▸ Task requirements: A word-for-word transcription of the listing is all that is needed.

▸ Extracted information:
++++++

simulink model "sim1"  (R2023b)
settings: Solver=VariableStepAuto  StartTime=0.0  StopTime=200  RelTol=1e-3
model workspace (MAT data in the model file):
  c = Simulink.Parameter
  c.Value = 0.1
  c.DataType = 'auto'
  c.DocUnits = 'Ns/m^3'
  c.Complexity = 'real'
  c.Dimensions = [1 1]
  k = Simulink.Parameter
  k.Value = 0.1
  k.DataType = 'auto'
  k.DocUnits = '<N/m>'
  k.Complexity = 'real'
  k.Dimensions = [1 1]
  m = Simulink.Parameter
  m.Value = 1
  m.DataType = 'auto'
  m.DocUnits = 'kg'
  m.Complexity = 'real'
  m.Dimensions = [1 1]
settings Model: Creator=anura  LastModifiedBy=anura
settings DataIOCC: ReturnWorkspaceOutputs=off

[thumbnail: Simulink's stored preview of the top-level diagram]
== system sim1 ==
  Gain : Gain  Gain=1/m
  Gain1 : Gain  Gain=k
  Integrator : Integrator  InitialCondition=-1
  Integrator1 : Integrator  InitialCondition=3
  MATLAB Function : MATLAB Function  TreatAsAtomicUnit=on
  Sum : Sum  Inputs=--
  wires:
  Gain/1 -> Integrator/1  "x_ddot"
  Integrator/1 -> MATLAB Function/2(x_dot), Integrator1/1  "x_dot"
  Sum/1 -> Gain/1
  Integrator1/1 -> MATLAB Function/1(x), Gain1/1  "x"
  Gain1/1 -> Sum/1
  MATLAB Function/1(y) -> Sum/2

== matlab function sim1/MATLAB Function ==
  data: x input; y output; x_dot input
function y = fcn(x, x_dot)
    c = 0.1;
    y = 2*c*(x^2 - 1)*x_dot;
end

++++++

▸ Response box:
simulink model "sim1"  (R2023b)
settings: Solver=VariableStepAuto  StartTime=0.0  StopTime=200  RelTol=1e-3
model workspace (MAT data in the model file):
  c = Simulink.Parameter
  c.Value = 0.1
  c.DataType = 'auto'
  c.DocUnits = 'Ns/m^3'
  c.Complexity = 'real'
  c.Dimensions = [1 1]
  k = Simulink.Parameter
  k.Value = 0.1
  k.DataType = 'auto'
  k.DocUnits = '<N/m>'
  k.Complexity = 'real'
  k.Dimensions = [1 1]
  m = Simulink.Parameter
  m.Value = 1
  m.DataType = 'auto'
  m.DocUnits = 'kg'
  m.Complexity = 'real'
  m.Dimensions = [1 1]
settings Model: Creator=anura  LastModifiedBy=anura
settings DataIOCC: ReturnWorkspaceOutputs=off

[thumbnail: Simulink's stored preview of the top-level diagram]
== system sim1 ==
  Gain : Gain  Gain=1/m
  Gain1 : Gain  Gain=k
  Integrator : Integrator  InitialCondition=-1
  Integrator1 : Integrator  InitialCondition=3
  MATLAB Function : MATLAB Function  TreatAsAtomicUnit=on
  Sum : Sum  Inputs=--
  wires:
  Gain/1 -> Integrator/1  "x_ddot"
  Integrator/1 -> MATLAB Function/2(x_dot), Integrator1/1  "x_dot"
  Sum/1 -> Gain/1
  Integrator1/1 -> MATLAB Function/1(x), Gain1/1  "x"
  Gain1/1 -> Sum/1
  MATLAB Function/1(y) -> Sum/2

== matlab function sim1/MATLAB Function ==
  data: x input; y output; x_dot input
function y = fcn(x, x_dot)
    c = 0.1;
    y = 2*c*(x^2 - 1)*x_dot;
end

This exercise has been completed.